Assigned task: In the entries below, print exactly the lines from the first through the one with "import ezdxf", both included, and none of the pictures.

Saved data entries:
▬▬▬
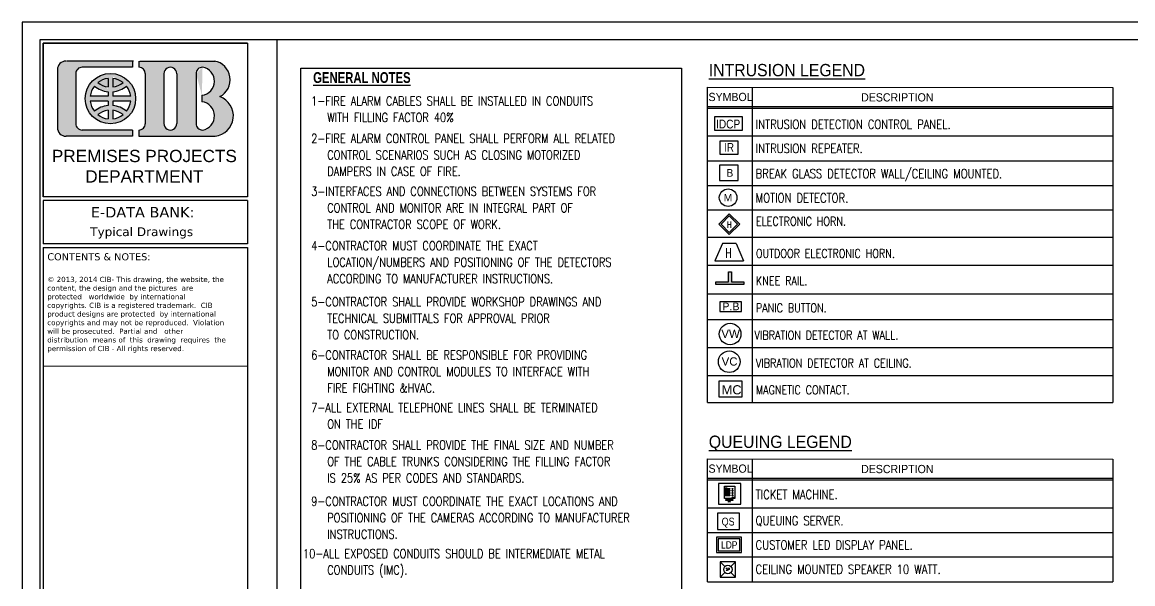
# Model space of a CAD drawing. Header units: metres. Extents: x 825 to 42592, y 283 to 305.
# Drawn here: x 825.23 to 847.08, y 293.87 to 304.93 of the extents above; entities that cross this region are included whole.
import ezdxf
from ezdxf.enums import TextEntityAlignment as Align

# ---------------------------------------------------------------- set-up
doc = ezdxf.new("R2010")
doc.units = ezdxf.units.M
doc.header["$LTSCALE"] = 0.05
for name, color, linetype in [('A-Elev-Dims-100', 7, 'Continuous'), ('A-WALL', 4, 'Continuous'), ('CCTV-TXT L', 6, 'Continuous'), ('EXAMPLE', 220, 'Continuous'), ('EXIT SIGN', 6, 'Continuous'), ('FIRE_FAS', 200, 'Continuous'), ('L.C Risers', 130, 'Continuous'), ('T-SECUR', 140, 'Continuous'), ('text', 2, 'Continuous'), ('TEXT _DETAIL TITLES', 7, 'Continuous')]:
    doc.layers.add(name, color=color, linetype=linetype)
for name, color, linetype, lineweight in [('E _ PA', 4, 'Continuous', 25), ('flooring', 41, 'Continuous', 9), ('Public address', 4, 'Continuous', 0)]:
    doc.layers.add(name, color=color, linetype=linetype, lineweight=lineweight)
doc.styles.add('Arial', font='ARIALN.TTF')
doc.styles.add('Arial_4', font='arial.ttf', dxfattribs={"height": 0.2458832335329341})
doc.styles.add('DD', font='ROMANS.SHX')
doc.styles.add('GENERATED_STYLE_1', font='arial.ttf')
doc.styles.add('GENERATED_STYLE_2', font='arialbd.ttf')
doc.styles.add('ROMANC', font='ROMANC.SHX')
doc.styles.add('ROMANS1', font='romans.shx', dxfattribs={"width": 0.8, "height": 250})
doc.styles.get("Standard").update_dxf_attribs({"font": 'arial.ttf'})
doc.styles.add('T25', font='STENCIL', dxfattribs={"height": 2.5})

# ---------------------------------------------------------------- blocks, each defined once
blk = doc.blocks.new('erwger')
at = {"true_color": 0xf4820f}
h = blk.add_hatch(color=30, dxfattribs=at)
edge = h.paths.add_edge_path()
edge.add_ellipse((0.7908775300937405, 7.271490410557148), major_axis=(-0.1778709056389359, 9.002499000000002e-10), ratio=0.9999513831597877, start_angle=0, end_angle=360)
edge = h.paths.add_edge_path(flags=16)
edge.add_line((0.8077973684856135, 7.354111497106746), (0.8077973684856122, 7.427094761812298))
edge.add_ellipse((0.7908775300937405, 7.271490410557148), major_axis=(0.1440312288554087, 1.6825289e-09), ratio=0.9999513831463788, start_angle=51.57003715304239, end_angle=83.25369162932219, ccw=False)
edge.add_ellipse((0.7908775300937405, 7.497138503138339), major_axis=(-0.1440312288554085, 1.6834439e-09), ratio=0.9999513831463793, start_angle=96.74630837104172, end_angle=128.4299628473216, ccw=False)
edge = h.paths.add_edge_path(flags=16)
edge.add_ellipse((0.7908775300937405, 7.271490410557148), major_axis=(0.1440312288569741, 1.78028777e-08), ratio=0.9999513831390927, start_angle=96.74630062072379, end_angle=128.429955095524, ccw=False)
edge.add_line((0.773957691699187, 7.414517417529009), (0.7739576916991884, 7.341534151884337))
edge.add_ellipse((0.7908775300937405, 7.497138503138339), major_axis=(-0.144031228856974, 1.78026624e-08), ratio=0.9999513831390935, start_angle=51.570044904390386, end_angle=83.2536993791906, ccw=False)
h.paths.add_polyline_path([(0.773957691699187, 7.288410251488295), (0.773957691699187, 7.320082778110062), (0.7664293322516778, 7.320964365985879), (0.7589453695800609, 7.322165879191909), (0.7515193944567409, 7.323685135805126), (0.7441648921606429, 7.32551937691521), (0.7368952181788015, 7.327665271612452), (0.7297235739534667, 7.330118923036388), (0.7226629829085832, 7.332875875452495), (0.7157262668000091, 7.335931122343565), (0.7089260224314823, 7.339279115501328), (0.7022745987794528, 7.342913775101845), (0.6957840745679151, 7.346828500746104), (0.6894662363335251, 7.351016183446315), (0.6833325570223323, 7.355469218535164), (0.6773941748128808, 7.360179519747279), (0.6734799620023048, 7.354929783091067), (0.6698084303149193, 7.349507563101086), (0.6663871692859487, 7.343924068234436), (0.6632232512505248, 7.338190840535617), (0.6603232165715801, 7.332319731572661), (0.6576930601197108, 7.326322877937884), (0.6553382188808207, 7.320212676159437), (0.6532635607168721, 7.314001757075646), (0.6514733743032315, 7.307702959724803), (0.6499713602631984, 7.301329304804676), (0.6487606235182092, 7.294893967756559), (0.6478436668636187, 7.288410251488295)], flags=0)
h.paths.add_polyline_path([(0.9339113933238624, 7.288410251488296), (0.9329944366694071, 7.29489396775667), (0.9317836999244864, 7.301329304804898), (0.9302816858844511, 7.307702959725111), (0.9284914994707372, 7.31400175707606), (0.9264168413066578, 7.32021267615989), (0.9240620000675641, 7.326322877938369), (0.9214318436154356, 7.332319731573148), (0.918531808936168, 7.338190840536096), (0.915367890900365, 7.343924068234853), (0.9119466298709524, 7.349507563101397), (0.9082750981830738, 7.354929783091228), (0.9043608853719564, 7.360179519747279), (0.8984225031626554, 7.355469218535303), (0.8922888238515506, 7.351016183446514), (0.8859709856173575, 7.34682850074642), (0.879480461405921, 7.342913775102211), (0.8728290377540627, 7.33927911550175), (0.8660287933857134, 7.335931122343989), (0.8590920772773207, 7.332875875452937), (0.8520314862326475, 7.330118923036816), (0.8448598420075315, 7.327665271612863), (0.837590168025878, 7.325519376915585), (0.8302356657299721, 7.323685135805426), (0.8228096906068832, 7.322165879192128), (0.8153257279355322, 7.320964365985992), (0.8077973684856135, 7.320082778109748), (0.8077973684856135, 7.288410251488295)], flags=0)
h.paths.add_polyline_path([(0.8077973684856135, 7.254572219881548), (0.8077973684856136, 7.222898043004593), (0.8153257279356285, 7.222016455128492), (0.8228096906070133, 7.220814941922496), (0.8302356657301327, 7.219295685309302), (0.8375901680260618, 7.217461444199223), (0.8448598420077112, 7.215315549501997), (0.8520314862328487, 7.212861898078084), (0.8590920772775409, 7.210104945661968), (0.8660287933859663, 7.207049698770887), (0.8728290377543018, 7.203701705613098), (0.8794804614061102, 7.200067046012591), (0.8859709856175217, 7.196152320368268), (0.8922888238516598, 7.19196463766811), (0.8984225031627135, 7.187511602579187), (0.9043608853719765, 7.182801301367046), (0.9082751784140481, 7.188051150895514), (0.9119467799052832, 7.193473490817925), (0.9153680998452249, 7.199057111955261), (0.918532065477884, 7.204790471513932), (0.9214321360653964, 7.210661717152202), (0.9240623164094166, 7.216658711482009), (0.9264171692447516, 7.222769057160098), (0.9284918264796328, 7.228980122516629), (0.930281999259268, 7.235279067668015), (0.9317839868320567, 7.241652871060345), (0.9329946841999852, 7.248088356388289), (0.9339115885442062, 7.254572219881548)], flags=0)
h.paths.add_polyline_path([(0.6478434716406313, 7.254572219881548), (0.6487603759855533, 7.248088356388516), (0.6499710733540534, 7.241652871060804), (0.6514730609272789, 7.235279067668662), (0.6532632337072262, 7.228980122517424), (0.6553378909422828, 7.222769057160991), (0.6576927437776723, 7.216658711482951), (0.6603229241216104, 7.210661717153182), (0.6632229947089121, 7.204790471514869), (0.6663869603412537, 7.199057111956071), (0.6698082802807763, 7.193473490818543), (0.6734798817714476, 7.188051150895853), (0.6773941748128604, 7.182801301367045), (0.6833325570222629, 7.187511602579322), (0.6894662363333941, 7.191964637668304), (0.6957840745676908, 7.196152320368597), (0.7022745987792326, 7.200067046012943), (0.7089260224312439, 7.203701705613519), (0.7157262667998077, 7.207049698771348), (0.7226629829083766, 7.210104945662424), (0.7297235739532408, 7.21286189807851), (0.7368952181786418, 7.215315549502437), (0.7441648921604657, 7.217461444199586), (0.7515193944566271, 7.219295685309608), (0.7589453695799842, 7.220814941922714), (0.7664293322516333, 7.222016455128619), (0.773957691699187, 7.222898043004276), (0.773957691699187, 7.254572219881548)], flags=0)
h.paths.add_polyline_path([(0.7294873354330083, 7.176128880071951), (0.723550473082551, 7.173162724664702), (0.7177565579001525, 7.169926245670233), (0.7121178913854214, 7.166426314701889), (0.7066464454178214, 7.162670362727888), (0.7013538368018936, 7.158666364266577), (0.7066464454178866, 7.154662365805446), (0.7121178913855686, 7.150906413831576), (0.7177565579003274, 7.14740648286335), (0.7235504730827764, 7.144170003868946), (0.7294873354332428, 7.14120384846174), (0.7355545399501279, 7.138514314310711), (0.7417392048926307, 7.136107111769228), (0.7480281991306195, 7.133987351751168), (0.7544081700247551, 7.132159534879331), (0.7608655717761387, 7.13062754193003), (0.7673866941866425, 7.129394625593362), (0.773957691699187, 7.128463403577037), (0.773957691699187, 7.188869324956112), (0.7673866941866241, 7.187938102939968), (0.7608655717759994, 7.186705186603443), (0.7544081700246031, 7.18517319365425), (0.7480281991303894, 7.183345376782488), (0.7417392048924053, 7.181225616764474), (0.7355545399499187, 7.178818414223017)], flags=0)
h.paths.add_polyline_path([(0.8400158552934681, 7.136107111768763), (0.8462005202361756, 7.138514314310223), (0.8522677247532827, 7.141203848461269), (0.8582045871039639, 7.144170003868508), (0.8639985022866135, 7.147406482863), (0.8696371688015586, 7.150906413831308), (0.8751086147694433, 7.154662365805308), (0.8804012233855874, 7.158666364266577), (0.8751086147695188, 7.162670362728012), (0.8696371688017359, 7.166426314702146), (0.8639985022868005, 7.169926245670575), (0.8582045871041669, 7.17316272466514), (0.8522677247535289, 7.17612888007242), (0.8462005202363673, 7.178818414223515), (0.8400158552936966, 7.181225616764939), (0.833726861055413, 7.183345376782932), (0.8273468901609676, 7.185173193654628), (0.8208894884092739, 7.186705186603731), (0.8143683659985571, 7.18793810294011), (0.8077973684856135, 7.188869324956117), (0.8077973684856132, 7.128463403577035), (0.8143683659984176, 7.129394625593207), (0.8208894884091877, 7.130627541929754), (0.8273468901608406, 7.132159534878959), (0.8337268610552039, 7.133987351750719)], flags=0)
for p, q in [((0.773957691699187, 7.414517417539071), (0.773957691699187, 7.354111496157074)), ((0.8077973684856135, 7.414517417539071), (0.8077973684856135, 7.354111496157074)), ((0.773957691699187, 7.288410251488295), (0.647843666864131, 7.288410251488295)), ((0.773957691699187, 7.320082778105607), (0.773957691699187, 7.288410251488295)), ((0.8077973684856135, 7.320082778105607), (0.8077973684856135, 7.288410251488295)), ((0.933911393320712, 7.288410251488295), (0.8077973684856135, 7.288410251488295)), ((0.773957691699187, 7.254572219881548), (0.6478434716420738, 7.254572219881548)), ((0.773957691699187, 7.254572219881548), (0.773957691699187, 7.222898043008732)), ((0.9339115885427692, 7.254572219881548), (0.8077973684856135, 7.254572219881548)), ((0.8077973684856135, 7.254572219881548), (0.8077973684856135, 7.222898043008732)), ((0.773957691699187, 7.188869324957925), (0.773957691699187, 7.128463403575886)), ((0.8077973684856135, 7.188869324957925), (0.8077973684856135, 7.128463403575886))]:
    blk.add_line(p, q)
for centre, major_axis, ratio, start_param, end_param in [((0.7908775300937405, 7.271490410557148), (-0.1778709056389359, 9.002499000000002e-10), 0.9999513831597877, 3.141592658651293, 9.424777965830879), ((0.7908775300937405, 7.271490410557148), (0.1440312288569741, 1.78028777e-08), 0.9999513831390927, 1.688541484955864, 2.241525574605362), ((0.7908775300937405, 7.497138503138339), (-0.144031228856974, 1.78026624e-08), 0.9999513831390935, 0.9000670789829365, 1.453051168632433), ((0.7908775300937405, 7.271490410557148), (0.1440312288554086, 1.6825289e-09), 0.9999513831463788, 0.9000669436963937, 1.453051033371717), ((0.7908775300937405, 7.497138503138339), (-0.1440312288554085, 1.6834439e-09), 0.9999513831463795, 1.688541620224428, 2.241525709899752), ((0.7908775300937405, 7.271490410557148), (0.1440312288559296, 5.66761834e-08), 0.999951383189954, 2.478200239738987, 3.023841208525699), ((0.7908775300937405, 7.497138503138339), (-0.1778709056432779, 4.243742999999999e-10), 0.999951383133538, 0.878885610106705, 1.475528024982516), ((0.7908775300937405, 7.497138503138339), (0.1778709056428806, 3.659580039999999e-08), 0.99995138313766, -1.475528228330162, -0.8788858134720323), ((0.7908775300937405, 7.271490410557148), (0.1440312288552734, 1.78848544e-08), 0.9999513830996134, 0.1177509273774404, 0.6633918962271448), ((0.7908775300937405, 7.271490410557148), (-0.1440312288571555, 1.256149333e-07), 0.9999513832262572, 0.1177403856962575, 0.6633928924763333), ((0.7908775300937405, 7.045842317976002), (-0.177870905637854, 5.105273350000001e-08), 0.999951383161578, -1.475527735586549, -0.8788853206884173), ((0.7908775300937405, 7.045842317976002), (0.1778709056374674, 1.48803915e-08), 0.9999513831656989, 0.8788855240588935, 1.475527938939344), ((0.7908775300937405, 7.271490410557148), (-0.1440312288520954, 1.167978602e-07), 0.9999513830715148, 2.478201444104023, 3.023853951010075), ((0.7908775300937405, 7.045842317976002), (-0.1440312288505984, 4.19317145e-08), 0.9999513831791705, -1.453050753915244, -0.9000666642358846), ((0.7908775300937405, 7.271490410557148), (-0.144031228856974, 1.78026624e-08), 0.9999513831390935, 0.9000670789829365, 1.453051168632433), ((0.7908775300937405, 7.045842317976002), (0.1440312288490248, 6.14173613e-08), 0.9999513831864572, 0.9000665289461784, 1.453050618651364), ((0.7908775300937405, 7.271490410557148), (-0.1440312288554085, 1.6834439e-09), 0.9999513831463795, 1.688541620224428, 2.241525709899752)]:
    blk.add_ellipse(centre, major_axis=major_axis, ratio=ratio, start_param=start_param, end_param=end_param)
blk = doc.blocks.new('MMMVCVCVCC')
at = {"color": 4}
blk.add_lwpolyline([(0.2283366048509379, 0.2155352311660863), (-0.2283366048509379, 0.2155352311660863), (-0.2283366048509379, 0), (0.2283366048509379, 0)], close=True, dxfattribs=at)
▬▬▬
Task answer:
# Model space of a CAD drawing. Header units: metres. Extents: x 825 to 42592, y 283 to 305.
# Drawn here: x 825.23 to 847.08, y 293.87 to 304.93 of the extents above; entities that cross this region are included whole.
import ezdxf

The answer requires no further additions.